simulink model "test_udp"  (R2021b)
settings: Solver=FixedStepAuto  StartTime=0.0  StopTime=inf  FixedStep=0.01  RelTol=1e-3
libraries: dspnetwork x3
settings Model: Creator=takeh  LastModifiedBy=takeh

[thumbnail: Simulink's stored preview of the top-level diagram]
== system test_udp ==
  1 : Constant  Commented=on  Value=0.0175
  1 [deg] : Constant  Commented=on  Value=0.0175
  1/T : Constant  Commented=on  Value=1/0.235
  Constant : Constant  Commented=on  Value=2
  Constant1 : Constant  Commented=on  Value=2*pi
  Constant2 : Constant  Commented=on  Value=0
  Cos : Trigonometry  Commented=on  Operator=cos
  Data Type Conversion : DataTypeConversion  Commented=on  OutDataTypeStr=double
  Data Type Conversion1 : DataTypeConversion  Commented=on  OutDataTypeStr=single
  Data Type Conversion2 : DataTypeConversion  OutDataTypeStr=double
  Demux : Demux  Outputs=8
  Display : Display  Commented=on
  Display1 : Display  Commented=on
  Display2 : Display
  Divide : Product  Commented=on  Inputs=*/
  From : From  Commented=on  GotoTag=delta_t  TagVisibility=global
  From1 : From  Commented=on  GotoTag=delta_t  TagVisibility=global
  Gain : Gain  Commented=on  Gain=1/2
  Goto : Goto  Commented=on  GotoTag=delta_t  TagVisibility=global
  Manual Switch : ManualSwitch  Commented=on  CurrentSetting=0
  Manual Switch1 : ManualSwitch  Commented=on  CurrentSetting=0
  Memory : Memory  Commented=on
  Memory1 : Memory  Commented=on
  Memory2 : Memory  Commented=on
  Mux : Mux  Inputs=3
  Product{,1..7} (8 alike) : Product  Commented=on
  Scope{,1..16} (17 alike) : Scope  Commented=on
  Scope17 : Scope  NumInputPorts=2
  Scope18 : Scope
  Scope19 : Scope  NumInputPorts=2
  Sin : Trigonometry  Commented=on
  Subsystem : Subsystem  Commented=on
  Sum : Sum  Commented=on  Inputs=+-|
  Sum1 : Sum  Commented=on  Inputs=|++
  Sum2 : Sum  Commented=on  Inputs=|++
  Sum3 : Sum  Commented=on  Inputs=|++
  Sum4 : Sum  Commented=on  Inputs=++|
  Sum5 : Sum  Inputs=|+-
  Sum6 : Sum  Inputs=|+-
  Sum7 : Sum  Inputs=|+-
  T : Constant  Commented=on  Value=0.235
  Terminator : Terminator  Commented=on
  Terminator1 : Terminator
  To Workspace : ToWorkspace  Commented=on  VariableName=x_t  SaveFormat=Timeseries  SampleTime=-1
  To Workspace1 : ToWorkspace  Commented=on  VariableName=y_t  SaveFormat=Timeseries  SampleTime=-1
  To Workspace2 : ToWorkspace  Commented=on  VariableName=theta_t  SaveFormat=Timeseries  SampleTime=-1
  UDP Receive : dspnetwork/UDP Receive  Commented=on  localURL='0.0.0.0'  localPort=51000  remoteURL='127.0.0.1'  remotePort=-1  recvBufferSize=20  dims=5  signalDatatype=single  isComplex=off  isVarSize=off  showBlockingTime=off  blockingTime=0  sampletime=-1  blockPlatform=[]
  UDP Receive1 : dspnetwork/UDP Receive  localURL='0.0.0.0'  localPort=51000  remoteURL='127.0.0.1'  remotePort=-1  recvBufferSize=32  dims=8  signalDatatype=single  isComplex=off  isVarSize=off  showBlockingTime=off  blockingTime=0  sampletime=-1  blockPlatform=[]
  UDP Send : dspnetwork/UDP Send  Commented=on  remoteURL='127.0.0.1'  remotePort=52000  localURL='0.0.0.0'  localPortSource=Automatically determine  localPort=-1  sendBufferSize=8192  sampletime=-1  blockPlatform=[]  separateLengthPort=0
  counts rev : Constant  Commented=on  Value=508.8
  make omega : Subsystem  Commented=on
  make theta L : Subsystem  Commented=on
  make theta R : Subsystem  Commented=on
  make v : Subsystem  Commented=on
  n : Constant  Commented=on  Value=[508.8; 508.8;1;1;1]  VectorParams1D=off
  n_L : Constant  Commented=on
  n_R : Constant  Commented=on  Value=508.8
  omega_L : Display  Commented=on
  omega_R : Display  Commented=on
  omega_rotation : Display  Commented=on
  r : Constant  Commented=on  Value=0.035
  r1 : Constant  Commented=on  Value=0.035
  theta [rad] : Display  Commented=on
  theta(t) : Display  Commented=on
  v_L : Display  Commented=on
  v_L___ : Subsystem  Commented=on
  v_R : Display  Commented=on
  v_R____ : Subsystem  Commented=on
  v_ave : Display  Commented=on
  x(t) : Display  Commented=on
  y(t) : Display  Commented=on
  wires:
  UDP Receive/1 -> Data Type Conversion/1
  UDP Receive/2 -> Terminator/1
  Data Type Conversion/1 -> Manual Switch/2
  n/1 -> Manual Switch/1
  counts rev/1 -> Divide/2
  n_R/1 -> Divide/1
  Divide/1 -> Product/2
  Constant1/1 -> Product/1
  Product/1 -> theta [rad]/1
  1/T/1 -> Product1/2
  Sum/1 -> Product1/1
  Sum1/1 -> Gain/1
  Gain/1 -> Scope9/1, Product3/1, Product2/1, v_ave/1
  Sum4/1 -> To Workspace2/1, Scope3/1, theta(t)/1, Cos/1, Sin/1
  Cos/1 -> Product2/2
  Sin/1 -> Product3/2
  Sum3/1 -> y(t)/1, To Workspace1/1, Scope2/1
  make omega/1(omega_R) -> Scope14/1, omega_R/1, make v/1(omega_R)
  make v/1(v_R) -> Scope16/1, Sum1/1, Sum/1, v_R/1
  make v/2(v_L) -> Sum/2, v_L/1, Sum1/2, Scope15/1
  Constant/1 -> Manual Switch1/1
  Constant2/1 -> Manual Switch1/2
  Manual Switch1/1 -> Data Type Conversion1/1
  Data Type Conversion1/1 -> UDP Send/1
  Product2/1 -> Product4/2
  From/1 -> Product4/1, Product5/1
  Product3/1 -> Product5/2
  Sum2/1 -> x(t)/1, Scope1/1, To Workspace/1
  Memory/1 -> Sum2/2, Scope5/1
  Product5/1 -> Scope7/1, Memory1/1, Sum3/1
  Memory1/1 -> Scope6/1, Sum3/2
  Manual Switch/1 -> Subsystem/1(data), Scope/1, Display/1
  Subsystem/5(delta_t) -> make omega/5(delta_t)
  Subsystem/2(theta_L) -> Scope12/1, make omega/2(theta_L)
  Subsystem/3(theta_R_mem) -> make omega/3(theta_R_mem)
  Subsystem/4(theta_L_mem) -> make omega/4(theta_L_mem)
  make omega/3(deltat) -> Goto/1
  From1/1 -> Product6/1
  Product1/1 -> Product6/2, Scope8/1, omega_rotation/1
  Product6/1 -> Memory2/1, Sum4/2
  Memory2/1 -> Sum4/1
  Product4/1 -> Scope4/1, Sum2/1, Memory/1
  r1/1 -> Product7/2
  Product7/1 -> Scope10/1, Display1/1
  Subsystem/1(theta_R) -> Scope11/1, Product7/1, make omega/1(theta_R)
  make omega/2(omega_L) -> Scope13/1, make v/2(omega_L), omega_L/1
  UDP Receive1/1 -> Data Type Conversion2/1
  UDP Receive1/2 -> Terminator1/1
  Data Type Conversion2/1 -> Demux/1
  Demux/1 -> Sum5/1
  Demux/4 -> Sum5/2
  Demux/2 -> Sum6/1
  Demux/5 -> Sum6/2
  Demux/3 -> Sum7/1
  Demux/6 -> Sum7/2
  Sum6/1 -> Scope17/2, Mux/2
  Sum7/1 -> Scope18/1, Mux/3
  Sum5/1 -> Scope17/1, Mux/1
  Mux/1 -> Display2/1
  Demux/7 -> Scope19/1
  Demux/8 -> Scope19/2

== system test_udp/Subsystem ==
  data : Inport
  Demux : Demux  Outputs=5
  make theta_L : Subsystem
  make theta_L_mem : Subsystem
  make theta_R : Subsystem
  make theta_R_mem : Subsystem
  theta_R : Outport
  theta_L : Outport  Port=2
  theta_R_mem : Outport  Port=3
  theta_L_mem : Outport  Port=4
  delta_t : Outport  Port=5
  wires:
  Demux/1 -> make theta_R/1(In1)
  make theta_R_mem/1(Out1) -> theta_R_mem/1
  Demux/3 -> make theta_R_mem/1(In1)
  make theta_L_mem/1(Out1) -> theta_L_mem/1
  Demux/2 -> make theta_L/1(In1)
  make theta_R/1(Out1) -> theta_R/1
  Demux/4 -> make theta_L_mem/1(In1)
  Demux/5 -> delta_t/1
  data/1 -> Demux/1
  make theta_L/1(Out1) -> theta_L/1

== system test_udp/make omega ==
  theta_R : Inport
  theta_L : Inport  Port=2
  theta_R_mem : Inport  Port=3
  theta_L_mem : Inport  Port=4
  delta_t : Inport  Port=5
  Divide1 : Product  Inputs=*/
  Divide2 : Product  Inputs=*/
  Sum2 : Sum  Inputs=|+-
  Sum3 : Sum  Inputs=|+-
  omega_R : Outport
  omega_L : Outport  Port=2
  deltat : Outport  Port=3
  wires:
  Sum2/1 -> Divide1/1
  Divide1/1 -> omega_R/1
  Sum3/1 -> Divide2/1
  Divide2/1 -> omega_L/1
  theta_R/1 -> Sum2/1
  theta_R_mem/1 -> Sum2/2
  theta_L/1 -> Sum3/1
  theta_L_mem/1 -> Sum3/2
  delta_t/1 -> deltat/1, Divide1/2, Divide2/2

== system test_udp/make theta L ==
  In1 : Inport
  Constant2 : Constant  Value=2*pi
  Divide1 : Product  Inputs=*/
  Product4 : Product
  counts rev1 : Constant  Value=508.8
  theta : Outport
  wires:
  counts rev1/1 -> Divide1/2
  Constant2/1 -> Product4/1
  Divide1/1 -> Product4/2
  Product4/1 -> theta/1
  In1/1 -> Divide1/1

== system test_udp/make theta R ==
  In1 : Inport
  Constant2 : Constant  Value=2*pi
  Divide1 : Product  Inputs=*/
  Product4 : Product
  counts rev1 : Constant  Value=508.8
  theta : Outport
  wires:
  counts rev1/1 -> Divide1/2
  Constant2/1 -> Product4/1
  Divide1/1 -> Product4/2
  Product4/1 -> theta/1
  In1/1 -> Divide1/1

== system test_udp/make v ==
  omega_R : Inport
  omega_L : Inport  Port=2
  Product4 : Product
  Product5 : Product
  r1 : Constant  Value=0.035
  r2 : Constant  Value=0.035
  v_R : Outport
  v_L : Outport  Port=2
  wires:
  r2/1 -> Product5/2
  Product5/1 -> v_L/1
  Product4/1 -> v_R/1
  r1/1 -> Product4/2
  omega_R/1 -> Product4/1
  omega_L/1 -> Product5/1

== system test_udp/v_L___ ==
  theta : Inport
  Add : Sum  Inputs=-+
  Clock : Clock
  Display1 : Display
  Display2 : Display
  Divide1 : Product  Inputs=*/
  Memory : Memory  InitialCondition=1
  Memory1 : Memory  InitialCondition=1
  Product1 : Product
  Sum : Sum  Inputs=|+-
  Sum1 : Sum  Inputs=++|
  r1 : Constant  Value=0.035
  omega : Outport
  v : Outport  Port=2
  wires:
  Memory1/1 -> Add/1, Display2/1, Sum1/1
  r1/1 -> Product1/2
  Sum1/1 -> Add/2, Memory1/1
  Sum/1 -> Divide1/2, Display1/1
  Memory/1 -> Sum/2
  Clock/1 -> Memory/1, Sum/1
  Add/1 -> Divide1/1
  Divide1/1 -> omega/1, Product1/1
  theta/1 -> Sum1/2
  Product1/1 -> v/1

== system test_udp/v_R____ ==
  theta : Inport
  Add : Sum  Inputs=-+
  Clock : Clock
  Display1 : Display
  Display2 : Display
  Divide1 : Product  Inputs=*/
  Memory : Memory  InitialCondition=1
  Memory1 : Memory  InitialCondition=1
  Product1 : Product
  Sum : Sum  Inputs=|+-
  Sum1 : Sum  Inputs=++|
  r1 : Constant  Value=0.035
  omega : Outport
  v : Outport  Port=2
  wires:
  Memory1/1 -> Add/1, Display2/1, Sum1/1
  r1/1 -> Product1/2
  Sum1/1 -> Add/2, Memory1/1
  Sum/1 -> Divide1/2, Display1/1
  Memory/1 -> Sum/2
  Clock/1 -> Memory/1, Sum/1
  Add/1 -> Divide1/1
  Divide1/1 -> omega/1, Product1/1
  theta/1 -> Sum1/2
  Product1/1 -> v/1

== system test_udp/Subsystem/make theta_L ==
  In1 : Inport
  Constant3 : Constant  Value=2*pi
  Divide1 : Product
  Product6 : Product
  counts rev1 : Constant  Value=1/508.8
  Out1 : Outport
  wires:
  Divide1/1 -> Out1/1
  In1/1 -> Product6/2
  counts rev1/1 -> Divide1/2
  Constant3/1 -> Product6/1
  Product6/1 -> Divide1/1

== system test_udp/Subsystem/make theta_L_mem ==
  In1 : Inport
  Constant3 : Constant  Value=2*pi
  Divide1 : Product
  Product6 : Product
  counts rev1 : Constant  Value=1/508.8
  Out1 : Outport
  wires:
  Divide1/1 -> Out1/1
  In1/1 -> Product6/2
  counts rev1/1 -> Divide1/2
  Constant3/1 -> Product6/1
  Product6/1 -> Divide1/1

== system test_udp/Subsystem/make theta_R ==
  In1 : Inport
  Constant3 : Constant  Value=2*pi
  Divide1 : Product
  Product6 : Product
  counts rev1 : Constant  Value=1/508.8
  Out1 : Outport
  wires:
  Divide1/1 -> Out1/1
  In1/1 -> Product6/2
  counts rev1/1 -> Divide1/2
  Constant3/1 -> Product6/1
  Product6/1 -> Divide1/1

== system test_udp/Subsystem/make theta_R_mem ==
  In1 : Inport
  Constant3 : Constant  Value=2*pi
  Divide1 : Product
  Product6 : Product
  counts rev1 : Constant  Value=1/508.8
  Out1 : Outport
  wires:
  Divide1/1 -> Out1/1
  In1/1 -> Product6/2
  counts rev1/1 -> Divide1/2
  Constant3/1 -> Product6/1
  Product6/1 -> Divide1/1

* * * * *

Action item.
Repeat the lines from the first one in the records through the line containing "Sin : Trigonometry", exactly as written, and nothing else.

Solution to this problem.
simulink model "test_udp"  (R2021b)
settings: Solver=FixedStepAuto  StartTime=0.0  StopTime=inf  FixedStep=0.01  RelTol=1e-3
libraries: dspnetwork x3
settings Model: Creator=takeh  LastModifiedBy=takeh

[thumbnail: Simulink's stored preview of the top-level diagram]
== system test_udp ==
  1 : Constant  Commented=on  Value=0.0175
  1 [deg] : Constant  Commented=on  Value=0.0175
  1/T : Constant  Commented=on  Value=1/0.235
  Constant : Constant  Commented=on  Value=2
  Constant1 : Constant  Commented=on  Value=2*pi
  Constant2 : Constant  Commented=on  Value=0
  Cos : Trigonometry  Commented=on  Operator=cos
  Data Type Conversion : DataTypeConversion  Commented=on  OutDataTypeStr=double
  Data Type Conversion1 : DataTypeConversion  Commented=on  OutDataTypeStr=single
  Data Type Conversion2 : DataTypeConversion  OutDataTypeStr=double
  Demux : Demux  Outputs=8
  Display : Display  Commented=on
  Display1 : Display  Commented=on
  Display2 : Display
  Divide : Product  Commented=on  Inputs=*/
  From : From  Commented=on  GotoTag=delta_t  TagVisibility=global
  From1 : From  Commented=on  GotoTag=delta_t  TagVisibility=global
  Gain : Gain  Commented=on  Gain=1/2
  Goto : Goto  Commented=on  GotoTag=delta_t  TagVisibility=global
  Manual Switch : ManualSwitch  Commented=on  CurrentSetting=0
  Manual Switch1 : ManualSwitch  Commented=on  CurrentSetting=0
  Memory : Memory  Commented=on
  Memory1 : Memory  Commented=on
  Memory2 : Memory  Commented=on
  Mux : Mux  Inputs=3
  Product{,1..7} (8 alike) : Product  Commented=on
  Scope{,1..16} (17 alike) : Scope  Commented=on
  Scope17 : Scope  NumInputPorts=2
  Scope18 : Scope
  Scope19 : Scope  NumInputPorts=2
  Sin : Trigonometry  Commented=on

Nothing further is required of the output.